Jimmy Savile: Schools and children's homes face investigation

Jimmy Savile Image copyright Getty Images
Image caption Former DJ and presenter Jimmy Savile is said to have abused more than 200 people over a 60-year period

Claims Jimmy Savile abused children at 21 children's homes and schools in England must be investigated by local authorities, the government has said.

The allegations concern institutions in Yorkshire, London, Manchester, Kent, Surrey and Devon, among others, and relate to the 1960s, 70s and 80s, the Department for Education said.

The information was uncovered as part of a review by the Met Police.

Police have said Savile abused more than 200 people over six decades.

The former BBC DJ and presenter died in October 2011, aged 84, before the sex abuse allegations came to light.

'Predatory sex offender'

The organisations include a school for the blind in Harrogate, two schools and a children's home in Savile's birthplace of Leeds, and a Barnardo's children's home in Redbridge, north-east London.
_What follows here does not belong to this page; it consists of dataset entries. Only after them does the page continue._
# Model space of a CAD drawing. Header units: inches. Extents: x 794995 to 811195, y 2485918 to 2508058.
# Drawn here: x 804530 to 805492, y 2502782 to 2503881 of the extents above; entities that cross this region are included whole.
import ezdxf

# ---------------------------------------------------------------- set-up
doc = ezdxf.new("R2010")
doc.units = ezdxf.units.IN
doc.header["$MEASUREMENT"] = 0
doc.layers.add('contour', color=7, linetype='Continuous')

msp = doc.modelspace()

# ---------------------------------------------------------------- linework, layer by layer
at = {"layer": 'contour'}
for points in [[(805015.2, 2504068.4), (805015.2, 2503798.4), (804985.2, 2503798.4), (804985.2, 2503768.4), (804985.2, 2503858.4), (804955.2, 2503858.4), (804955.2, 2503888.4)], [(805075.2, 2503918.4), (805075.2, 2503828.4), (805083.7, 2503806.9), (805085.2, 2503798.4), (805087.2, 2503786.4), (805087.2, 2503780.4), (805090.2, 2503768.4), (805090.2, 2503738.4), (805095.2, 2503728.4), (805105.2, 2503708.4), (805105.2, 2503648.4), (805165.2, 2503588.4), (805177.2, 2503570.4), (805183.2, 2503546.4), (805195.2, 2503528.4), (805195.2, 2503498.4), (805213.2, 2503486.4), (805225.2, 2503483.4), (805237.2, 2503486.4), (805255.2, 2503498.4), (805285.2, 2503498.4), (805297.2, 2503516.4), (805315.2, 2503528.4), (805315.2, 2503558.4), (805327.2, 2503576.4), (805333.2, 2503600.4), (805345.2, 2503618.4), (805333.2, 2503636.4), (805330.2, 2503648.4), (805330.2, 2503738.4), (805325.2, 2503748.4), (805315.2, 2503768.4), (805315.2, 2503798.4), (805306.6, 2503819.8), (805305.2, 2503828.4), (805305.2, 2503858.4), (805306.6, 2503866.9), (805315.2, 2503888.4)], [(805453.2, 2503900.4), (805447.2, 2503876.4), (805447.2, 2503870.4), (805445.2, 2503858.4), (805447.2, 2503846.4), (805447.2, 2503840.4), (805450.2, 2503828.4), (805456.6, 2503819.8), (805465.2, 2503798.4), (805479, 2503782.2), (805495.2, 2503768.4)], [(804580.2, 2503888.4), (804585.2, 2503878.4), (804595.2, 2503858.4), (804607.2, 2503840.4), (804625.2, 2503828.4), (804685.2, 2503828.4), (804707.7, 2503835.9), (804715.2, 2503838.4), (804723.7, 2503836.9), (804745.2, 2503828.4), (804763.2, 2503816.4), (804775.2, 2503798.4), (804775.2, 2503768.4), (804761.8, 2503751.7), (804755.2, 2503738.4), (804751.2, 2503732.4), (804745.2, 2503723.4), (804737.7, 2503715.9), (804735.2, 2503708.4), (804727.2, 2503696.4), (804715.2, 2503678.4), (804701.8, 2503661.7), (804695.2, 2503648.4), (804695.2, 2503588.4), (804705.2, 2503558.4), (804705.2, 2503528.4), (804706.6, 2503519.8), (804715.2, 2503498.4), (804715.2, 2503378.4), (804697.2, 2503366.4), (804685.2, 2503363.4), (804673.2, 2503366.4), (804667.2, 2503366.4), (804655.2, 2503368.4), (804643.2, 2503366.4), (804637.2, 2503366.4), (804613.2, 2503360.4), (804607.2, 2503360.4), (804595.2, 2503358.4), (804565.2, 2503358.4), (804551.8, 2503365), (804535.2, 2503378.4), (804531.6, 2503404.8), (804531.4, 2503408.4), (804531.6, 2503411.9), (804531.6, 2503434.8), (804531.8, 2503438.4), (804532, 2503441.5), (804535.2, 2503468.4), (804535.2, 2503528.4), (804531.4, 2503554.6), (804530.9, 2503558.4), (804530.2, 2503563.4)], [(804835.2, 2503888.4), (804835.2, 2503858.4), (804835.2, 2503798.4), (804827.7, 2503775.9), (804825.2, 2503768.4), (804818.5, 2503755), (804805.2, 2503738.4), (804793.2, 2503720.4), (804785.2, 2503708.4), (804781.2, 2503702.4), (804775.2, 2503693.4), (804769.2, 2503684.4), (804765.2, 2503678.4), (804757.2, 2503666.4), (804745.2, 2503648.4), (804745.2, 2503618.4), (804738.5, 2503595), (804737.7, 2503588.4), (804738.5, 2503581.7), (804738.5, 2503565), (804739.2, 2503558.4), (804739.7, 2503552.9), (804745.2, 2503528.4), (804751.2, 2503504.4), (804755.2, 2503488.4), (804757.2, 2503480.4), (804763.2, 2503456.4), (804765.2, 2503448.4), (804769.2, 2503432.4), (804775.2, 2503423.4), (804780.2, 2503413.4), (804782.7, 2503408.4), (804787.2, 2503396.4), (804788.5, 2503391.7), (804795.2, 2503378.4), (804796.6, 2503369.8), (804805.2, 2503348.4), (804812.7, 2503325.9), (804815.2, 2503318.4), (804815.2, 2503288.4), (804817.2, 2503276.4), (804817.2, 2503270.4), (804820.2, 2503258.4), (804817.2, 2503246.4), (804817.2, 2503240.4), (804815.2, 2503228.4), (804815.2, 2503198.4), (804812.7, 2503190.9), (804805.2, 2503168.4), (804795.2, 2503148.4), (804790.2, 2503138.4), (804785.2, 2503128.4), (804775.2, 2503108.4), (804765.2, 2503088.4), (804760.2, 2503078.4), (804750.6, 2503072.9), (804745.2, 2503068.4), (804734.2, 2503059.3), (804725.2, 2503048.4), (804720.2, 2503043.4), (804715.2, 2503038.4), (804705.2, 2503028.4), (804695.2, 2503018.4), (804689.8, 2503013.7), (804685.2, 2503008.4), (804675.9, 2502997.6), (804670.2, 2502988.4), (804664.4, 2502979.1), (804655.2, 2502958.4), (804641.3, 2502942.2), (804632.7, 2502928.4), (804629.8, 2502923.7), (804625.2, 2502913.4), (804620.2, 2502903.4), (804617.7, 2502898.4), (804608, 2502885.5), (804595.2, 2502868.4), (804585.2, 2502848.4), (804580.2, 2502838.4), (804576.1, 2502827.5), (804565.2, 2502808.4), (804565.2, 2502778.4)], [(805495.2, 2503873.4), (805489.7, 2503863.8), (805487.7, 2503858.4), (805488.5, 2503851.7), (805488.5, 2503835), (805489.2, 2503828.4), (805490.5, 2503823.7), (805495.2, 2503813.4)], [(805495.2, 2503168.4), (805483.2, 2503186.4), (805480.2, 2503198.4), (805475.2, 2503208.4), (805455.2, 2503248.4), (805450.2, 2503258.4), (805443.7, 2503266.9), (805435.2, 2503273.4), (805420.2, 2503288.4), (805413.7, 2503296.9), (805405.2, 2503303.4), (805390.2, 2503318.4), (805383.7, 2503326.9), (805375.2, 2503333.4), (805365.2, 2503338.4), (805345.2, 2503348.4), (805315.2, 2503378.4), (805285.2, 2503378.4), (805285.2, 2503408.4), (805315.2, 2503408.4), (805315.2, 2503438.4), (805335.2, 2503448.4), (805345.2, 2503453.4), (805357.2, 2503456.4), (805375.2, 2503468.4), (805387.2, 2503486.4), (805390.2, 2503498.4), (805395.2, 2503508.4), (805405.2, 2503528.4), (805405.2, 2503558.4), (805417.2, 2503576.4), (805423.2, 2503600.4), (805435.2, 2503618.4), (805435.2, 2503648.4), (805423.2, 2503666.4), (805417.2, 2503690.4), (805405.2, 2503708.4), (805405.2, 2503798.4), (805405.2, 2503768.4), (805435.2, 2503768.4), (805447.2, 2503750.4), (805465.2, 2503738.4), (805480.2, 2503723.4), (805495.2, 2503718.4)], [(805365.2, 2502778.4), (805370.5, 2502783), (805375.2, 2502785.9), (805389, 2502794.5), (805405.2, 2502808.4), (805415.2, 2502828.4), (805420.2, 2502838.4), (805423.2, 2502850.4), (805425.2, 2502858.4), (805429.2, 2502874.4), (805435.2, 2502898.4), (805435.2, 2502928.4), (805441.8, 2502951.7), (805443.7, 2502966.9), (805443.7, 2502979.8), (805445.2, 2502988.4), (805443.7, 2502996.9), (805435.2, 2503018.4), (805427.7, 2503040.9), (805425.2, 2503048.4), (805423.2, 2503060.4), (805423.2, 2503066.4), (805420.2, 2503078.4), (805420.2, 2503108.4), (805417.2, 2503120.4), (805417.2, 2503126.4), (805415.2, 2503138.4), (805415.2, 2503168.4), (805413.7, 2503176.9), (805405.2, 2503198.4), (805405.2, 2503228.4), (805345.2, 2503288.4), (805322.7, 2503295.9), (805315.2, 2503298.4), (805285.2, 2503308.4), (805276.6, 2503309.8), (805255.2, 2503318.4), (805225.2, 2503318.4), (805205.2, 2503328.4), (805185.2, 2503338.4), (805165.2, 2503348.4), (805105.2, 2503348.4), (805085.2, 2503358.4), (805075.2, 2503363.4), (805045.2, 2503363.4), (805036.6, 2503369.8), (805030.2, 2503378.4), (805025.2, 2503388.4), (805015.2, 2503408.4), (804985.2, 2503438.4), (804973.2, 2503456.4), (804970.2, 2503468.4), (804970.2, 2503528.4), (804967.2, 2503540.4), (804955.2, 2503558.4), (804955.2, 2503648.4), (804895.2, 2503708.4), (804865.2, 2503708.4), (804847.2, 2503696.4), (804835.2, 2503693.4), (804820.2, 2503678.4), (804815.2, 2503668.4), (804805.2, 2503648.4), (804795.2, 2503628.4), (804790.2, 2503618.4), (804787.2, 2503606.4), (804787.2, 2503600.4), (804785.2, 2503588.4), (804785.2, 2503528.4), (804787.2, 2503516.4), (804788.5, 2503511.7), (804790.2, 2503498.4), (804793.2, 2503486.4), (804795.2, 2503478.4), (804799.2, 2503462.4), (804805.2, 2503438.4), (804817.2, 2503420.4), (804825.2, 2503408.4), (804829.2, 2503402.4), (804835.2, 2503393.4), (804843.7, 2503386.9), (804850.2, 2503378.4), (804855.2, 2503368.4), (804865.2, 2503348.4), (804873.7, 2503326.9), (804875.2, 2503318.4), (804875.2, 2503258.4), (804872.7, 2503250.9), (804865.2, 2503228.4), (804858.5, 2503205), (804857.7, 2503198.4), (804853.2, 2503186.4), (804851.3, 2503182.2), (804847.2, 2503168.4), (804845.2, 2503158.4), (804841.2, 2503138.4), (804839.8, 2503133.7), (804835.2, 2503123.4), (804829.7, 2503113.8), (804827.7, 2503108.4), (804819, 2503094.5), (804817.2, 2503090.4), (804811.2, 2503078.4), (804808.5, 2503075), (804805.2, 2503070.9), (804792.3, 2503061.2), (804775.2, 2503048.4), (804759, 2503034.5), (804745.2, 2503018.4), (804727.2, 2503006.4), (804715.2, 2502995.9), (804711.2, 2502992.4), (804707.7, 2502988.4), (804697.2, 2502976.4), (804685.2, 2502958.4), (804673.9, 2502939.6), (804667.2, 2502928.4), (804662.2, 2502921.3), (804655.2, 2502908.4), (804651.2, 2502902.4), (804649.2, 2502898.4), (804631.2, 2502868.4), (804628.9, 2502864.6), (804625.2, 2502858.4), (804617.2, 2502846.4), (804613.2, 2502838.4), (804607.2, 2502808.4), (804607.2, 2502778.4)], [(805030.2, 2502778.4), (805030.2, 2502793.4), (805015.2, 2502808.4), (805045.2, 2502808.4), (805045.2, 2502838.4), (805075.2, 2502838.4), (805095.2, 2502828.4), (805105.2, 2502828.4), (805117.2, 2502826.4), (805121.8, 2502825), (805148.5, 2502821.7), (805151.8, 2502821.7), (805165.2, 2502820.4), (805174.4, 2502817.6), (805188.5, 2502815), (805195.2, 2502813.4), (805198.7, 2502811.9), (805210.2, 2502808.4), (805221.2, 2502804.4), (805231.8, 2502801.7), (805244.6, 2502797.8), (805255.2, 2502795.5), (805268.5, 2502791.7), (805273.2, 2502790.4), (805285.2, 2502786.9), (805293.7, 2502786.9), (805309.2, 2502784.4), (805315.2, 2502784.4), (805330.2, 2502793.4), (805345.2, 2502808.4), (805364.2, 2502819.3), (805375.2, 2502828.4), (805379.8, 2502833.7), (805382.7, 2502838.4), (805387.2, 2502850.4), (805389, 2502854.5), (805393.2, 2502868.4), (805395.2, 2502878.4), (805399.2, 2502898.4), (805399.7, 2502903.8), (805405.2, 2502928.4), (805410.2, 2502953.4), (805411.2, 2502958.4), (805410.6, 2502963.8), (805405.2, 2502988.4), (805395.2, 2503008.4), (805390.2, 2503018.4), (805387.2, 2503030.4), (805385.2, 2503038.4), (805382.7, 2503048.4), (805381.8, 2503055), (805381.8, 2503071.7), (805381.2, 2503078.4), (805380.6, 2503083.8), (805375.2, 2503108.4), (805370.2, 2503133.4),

In a written statement, Education Secretary Michael Gove said: "This information was uncovered as part of the document review process undertaken by the Metropolitan Police Service on behalf of the Department of Health.

"Having reviewed the information, I have decided that the Department for Education should pass the information to the appropriate organisations for further investigation.

"In most cases the work will be conducted by the relevant local authority; in others the relevant institution or a legacy organisation will take the lead."

In January 2013, a Metropolitan Police report said Savile had been a "prolific, predatory sex offender" who was able to "hide in plain sight" while abusing his victims.

A second report said he could have been prosecuted in 2009 if victims had been taken more seriously.

A criminal investigation, Operation Yewtree, was launched in October 2012.

The NHS is already investigating 33 hospitals' links with Savile after police passed information to the Department of Health.

Mr Gove said the new inquiries, which will be overseen by human rights lawyer Lucy Scott-Moncrieff, would follow the same arrangements.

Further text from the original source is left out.